An immediate implication of Lemma 29.1 is that the per-step cost can be decomposed as follows: \[\begin{equation} c(\pmb x_t, \pmb u_t) = \bar c(\bar x_t, \bar u_t) + \frac 1N \sum_{i \in \ALPHABET N} \breve c^i(\breve x^i_t, \breve u^i_t) \end{equation}\] where \[\begin{align*} \bar c(\bar x_t, \bar u_t) &= \bar x_t^\TRANS (Q + \bar Q) \bar x_t + \bar u_t^\TRANS (R + \bar R) \bar u_t, \notag \\ \breve c^i(\breve x^i_t, \breve u^i_t) &= \frac 1N \sum_{i \in \ALPHABET N} \bigl[ (\breve x^i_t)^\TRANS Q \breve x^i_t + (\breve u^i_t)^\TRANS Q \breve u^i_t \bigr]. \end{align*}\] A similar decomposition also holds for the terminal cost \(c_t(\pmb x_t, \pmb u_t)\).

Thus, the original system is equivalent to \(N+1\) coupled subsystems:

- a mean-field subsystem with state \(\bar x_t\), control input \(\bar u_t\), and per-step cost \(\bar c(\bar x_t, \bar u_t)\).
- \(N\) auxiliary subsytems, where subsystem \(i \in \ALPHABET N\) has state \(\breve x^i_t\), control input \(\breve u^i_t\), and per-step cost \(\breve c(\breve x^i_t, \breve u^i_t)\).

Note that the only coupling between the subsystems is through the noise. Therefore, by the argument presented in Exercise 28.3, the optimal control strategy is of the following form.

**Proposition 29.1** The optimal control policy for the mean-field control system described above is given by \[
u_t = - \bar K_t \bar x_t + \breve K_t (x^i_t - \bar x_t)
\] where

- \(\bar K_{1:T-1} = \LQR_T(A+D, B+E, Q + \bar Q, R + \bar R; Q_T + \bar Q_T)\)
- \(\breve K_{1:T-1} = \LQR_T(A,B, Q, R; Q_T)\).

The above result is significant, both for synthesis and implementation.

For synthesis, rather than solving one Riccati equation with state dimension \(nN\), we need to solve two Riccati equations with dimension \(n\).
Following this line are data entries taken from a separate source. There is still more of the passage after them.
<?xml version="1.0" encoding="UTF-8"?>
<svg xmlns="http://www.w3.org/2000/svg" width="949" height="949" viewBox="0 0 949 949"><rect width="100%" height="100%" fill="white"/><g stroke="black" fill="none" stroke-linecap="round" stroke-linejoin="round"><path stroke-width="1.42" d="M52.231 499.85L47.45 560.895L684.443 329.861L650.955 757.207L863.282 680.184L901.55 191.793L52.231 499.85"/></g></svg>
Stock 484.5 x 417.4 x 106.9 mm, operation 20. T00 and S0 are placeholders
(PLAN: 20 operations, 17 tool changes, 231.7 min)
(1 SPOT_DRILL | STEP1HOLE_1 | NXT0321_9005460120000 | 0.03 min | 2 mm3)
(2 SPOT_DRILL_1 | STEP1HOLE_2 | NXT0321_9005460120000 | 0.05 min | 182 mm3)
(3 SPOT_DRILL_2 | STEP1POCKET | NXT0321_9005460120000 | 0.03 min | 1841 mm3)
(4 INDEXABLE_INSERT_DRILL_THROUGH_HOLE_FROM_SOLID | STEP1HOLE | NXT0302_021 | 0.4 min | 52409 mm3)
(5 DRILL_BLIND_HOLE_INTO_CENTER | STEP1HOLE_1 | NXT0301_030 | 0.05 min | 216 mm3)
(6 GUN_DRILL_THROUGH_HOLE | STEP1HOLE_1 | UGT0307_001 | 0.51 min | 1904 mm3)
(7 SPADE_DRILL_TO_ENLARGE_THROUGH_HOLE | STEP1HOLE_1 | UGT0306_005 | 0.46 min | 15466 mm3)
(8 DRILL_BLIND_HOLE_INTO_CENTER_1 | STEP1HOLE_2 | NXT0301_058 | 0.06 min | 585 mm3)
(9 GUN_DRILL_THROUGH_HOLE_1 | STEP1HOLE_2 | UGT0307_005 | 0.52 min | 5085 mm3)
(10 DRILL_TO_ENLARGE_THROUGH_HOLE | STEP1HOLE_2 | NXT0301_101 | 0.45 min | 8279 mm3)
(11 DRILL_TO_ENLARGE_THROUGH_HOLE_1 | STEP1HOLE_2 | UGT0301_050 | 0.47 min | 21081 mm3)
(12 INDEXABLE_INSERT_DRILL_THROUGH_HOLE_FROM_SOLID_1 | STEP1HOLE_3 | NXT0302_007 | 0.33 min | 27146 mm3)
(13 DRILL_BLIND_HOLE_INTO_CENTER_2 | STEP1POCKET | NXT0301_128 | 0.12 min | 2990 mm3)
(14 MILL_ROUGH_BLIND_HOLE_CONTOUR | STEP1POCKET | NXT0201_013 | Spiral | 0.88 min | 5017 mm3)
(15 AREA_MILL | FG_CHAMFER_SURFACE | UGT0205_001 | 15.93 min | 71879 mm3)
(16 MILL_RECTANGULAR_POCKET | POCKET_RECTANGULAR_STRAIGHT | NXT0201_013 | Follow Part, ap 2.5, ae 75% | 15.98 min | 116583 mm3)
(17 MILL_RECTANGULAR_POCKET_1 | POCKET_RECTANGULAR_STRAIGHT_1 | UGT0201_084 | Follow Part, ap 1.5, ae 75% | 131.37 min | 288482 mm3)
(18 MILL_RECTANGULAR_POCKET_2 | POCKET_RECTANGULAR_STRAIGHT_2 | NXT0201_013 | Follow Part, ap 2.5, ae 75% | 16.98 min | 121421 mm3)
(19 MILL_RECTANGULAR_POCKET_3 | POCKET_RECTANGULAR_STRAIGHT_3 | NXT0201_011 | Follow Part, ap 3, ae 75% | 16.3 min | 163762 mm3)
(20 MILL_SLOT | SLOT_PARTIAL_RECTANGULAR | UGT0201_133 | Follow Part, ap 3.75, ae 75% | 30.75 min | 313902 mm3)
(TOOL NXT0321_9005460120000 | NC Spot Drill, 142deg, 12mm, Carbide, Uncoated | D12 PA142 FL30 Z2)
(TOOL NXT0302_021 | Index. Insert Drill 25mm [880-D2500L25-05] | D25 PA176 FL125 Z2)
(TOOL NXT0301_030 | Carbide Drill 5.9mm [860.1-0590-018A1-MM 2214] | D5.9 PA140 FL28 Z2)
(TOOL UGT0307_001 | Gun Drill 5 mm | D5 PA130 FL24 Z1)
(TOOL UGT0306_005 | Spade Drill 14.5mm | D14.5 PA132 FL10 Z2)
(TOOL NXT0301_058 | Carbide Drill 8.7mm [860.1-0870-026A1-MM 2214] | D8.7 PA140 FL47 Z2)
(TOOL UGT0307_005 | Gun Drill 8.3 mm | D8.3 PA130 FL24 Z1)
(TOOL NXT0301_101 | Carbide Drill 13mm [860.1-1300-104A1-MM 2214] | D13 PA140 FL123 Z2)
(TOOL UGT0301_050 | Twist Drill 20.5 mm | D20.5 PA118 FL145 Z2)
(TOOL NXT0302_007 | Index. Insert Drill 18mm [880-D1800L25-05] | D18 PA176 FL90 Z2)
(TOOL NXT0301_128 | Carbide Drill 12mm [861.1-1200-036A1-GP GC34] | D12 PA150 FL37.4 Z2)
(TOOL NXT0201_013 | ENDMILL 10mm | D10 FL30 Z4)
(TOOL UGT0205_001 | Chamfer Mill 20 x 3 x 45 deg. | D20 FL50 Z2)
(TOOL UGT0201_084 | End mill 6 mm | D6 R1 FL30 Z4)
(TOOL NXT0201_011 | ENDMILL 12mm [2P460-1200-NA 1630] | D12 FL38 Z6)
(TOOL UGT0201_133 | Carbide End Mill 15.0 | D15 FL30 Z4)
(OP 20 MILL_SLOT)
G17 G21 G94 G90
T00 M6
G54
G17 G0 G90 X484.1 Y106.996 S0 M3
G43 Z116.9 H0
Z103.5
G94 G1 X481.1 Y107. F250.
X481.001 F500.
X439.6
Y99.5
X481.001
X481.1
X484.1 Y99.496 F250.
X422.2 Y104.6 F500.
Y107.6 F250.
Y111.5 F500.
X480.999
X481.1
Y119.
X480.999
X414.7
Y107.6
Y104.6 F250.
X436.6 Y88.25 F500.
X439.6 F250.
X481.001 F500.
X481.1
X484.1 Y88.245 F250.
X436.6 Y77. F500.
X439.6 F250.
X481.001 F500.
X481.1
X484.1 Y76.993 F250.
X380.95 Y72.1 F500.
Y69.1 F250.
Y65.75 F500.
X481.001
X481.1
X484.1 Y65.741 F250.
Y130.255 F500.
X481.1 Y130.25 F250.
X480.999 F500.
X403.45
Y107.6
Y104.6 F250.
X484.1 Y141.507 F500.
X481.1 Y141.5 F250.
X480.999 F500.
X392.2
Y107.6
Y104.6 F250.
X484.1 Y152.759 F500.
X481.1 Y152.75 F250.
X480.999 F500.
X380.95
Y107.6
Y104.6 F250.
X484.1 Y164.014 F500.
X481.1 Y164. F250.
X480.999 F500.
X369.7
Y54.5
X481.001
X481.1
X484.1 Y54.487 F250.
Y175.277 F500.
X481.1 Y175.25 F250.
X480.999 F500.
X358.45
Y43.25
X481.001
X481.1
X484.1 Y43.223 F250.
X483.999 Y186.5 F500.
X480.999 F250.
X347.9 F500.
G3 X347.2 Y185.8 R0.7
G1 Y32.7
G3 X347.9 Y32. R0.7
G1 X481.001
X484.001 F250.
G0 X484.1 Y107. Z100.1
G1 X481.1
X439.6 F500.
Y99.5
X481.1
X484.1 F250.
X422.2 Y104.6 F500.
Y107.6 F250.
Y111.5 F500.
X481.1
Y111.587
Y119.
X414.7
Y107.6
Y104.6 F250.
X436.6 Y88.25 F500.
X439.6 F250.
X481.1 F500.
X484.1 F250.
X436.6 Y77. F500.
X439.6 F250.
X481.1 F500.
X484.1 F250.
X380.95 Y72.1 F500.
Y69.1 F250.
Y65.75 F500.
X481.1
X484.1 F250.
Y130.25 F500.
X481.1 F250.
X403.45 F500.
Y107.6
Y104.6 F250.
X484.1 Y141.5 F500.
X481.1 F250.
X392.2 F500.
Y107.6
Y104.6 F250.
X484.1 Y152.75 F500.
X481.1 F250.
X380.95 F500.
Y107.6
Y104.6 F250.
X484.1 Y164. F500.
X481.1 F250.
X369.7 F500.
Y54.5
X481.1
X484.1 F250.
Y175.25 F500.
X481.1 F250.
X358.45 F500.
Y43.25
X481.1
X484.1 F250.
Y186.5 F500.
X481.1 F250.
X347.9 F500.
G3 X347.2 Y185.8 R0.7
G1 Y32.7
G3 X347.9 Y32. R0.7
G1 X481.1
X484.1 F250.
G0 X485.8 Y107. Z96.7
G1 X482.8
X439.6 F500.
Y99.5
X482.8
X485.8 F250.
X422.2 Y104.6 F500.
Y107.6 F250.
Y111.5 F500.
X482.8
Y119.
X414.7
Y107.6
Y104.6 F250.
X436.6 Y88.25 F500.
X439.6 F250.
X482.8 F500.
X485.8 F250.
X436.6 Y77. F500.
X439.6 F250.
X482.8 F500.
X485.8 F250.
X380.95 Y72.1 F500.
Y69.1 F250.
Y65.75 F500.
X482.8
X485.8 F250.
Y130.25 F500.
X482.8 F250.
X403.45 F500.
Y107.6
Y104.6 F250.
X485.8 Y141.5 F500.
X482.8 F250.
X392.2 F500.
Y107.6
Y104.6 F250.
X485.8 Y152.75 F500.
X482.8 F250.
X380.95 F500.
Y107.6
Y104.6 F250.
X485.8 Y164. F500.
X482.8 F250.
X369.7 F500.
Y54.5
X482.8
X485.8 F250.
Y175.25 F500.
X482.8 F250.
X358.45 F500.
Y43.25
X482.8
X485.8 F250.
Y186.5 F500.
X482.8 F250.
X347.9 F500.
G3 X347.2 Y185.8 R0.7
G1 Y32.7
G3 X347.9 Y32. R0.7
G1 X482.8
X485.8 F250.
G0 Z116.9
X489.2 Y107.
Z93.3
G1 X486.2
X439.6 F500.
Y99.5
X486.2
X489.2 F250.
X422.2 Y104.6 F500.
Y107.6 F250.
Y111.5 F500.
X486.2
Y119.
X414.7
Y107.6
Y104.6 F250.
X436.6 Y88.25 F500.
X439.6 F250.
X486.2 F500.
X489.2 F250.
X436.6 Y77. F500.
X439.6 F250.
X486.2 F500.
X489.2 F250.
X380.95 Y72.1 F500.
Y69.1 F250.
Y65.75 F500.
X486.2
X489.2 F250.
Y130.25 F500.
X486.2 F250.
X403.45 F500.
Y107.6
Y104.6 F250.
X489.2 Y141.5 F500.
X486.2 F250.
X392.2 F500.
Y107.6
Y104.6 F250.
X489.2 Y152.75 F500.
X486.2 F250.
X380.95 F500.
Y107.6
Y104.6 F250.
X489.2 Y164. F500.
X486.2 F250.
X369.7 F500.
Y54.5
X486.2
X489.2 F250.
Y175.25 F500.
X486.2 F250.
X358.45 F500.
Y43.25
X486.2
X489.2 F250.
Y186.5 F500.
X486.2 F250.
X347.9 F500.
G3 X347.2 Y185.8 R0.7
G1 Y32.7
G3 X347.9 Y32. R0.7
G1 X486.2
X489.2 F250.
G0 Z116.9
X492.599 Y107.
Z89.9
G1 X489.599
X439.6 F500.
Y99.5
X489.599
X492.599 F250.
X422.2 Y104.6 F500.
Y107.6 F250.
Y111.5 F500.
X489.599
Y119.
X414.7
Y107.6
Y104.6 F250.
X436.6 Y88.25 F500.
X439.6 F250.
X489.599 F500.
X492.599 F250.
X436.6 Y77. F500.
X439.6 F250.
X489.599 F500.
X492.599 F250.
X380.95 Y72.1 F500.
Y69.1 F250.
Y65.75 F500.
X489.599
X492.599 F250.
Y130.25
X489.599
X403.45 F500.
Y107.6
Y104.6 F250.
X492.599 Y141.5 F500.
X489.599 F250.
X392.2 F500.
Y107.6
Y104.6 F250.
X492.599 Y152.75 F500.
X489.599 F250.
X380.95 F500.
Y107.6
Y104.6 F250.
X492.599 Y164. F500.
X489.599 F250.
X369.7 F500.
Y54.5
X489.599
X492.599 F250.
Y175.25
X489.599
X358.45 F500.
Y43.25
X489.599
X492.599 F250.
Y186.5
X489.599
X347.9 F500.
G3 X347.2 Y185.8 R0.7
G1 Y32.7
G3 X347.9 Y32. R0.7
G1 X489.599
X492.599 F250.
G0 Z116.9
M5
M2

Thus, the complexity of computing the optimal controller gains does not depend on the number \(N\) of subsystems.

For implementation, each subsystem does not need access to the global state \(\pmb x_t\); instead it just needs access to the mean-field \(\bar x_t\) in addition to its local state \(x^i_t\).

## 29.2 Network coupled subsystems

## Notes

The results for mean-field control are adapted from Arabneydi and Mahajan (2016). The discussion above is restricted to the simplest setting of homogenous subsystems. Generalization to hetrogeneous subsystems and infinite horizon settings are also presented in Arabneydi and Mahajan (2016). A similar result for \(N \to \infty\) is also presented in Elliott et al. (2013).

The results for network coupled subsystems are adapted from Gao and Mahajan (2022).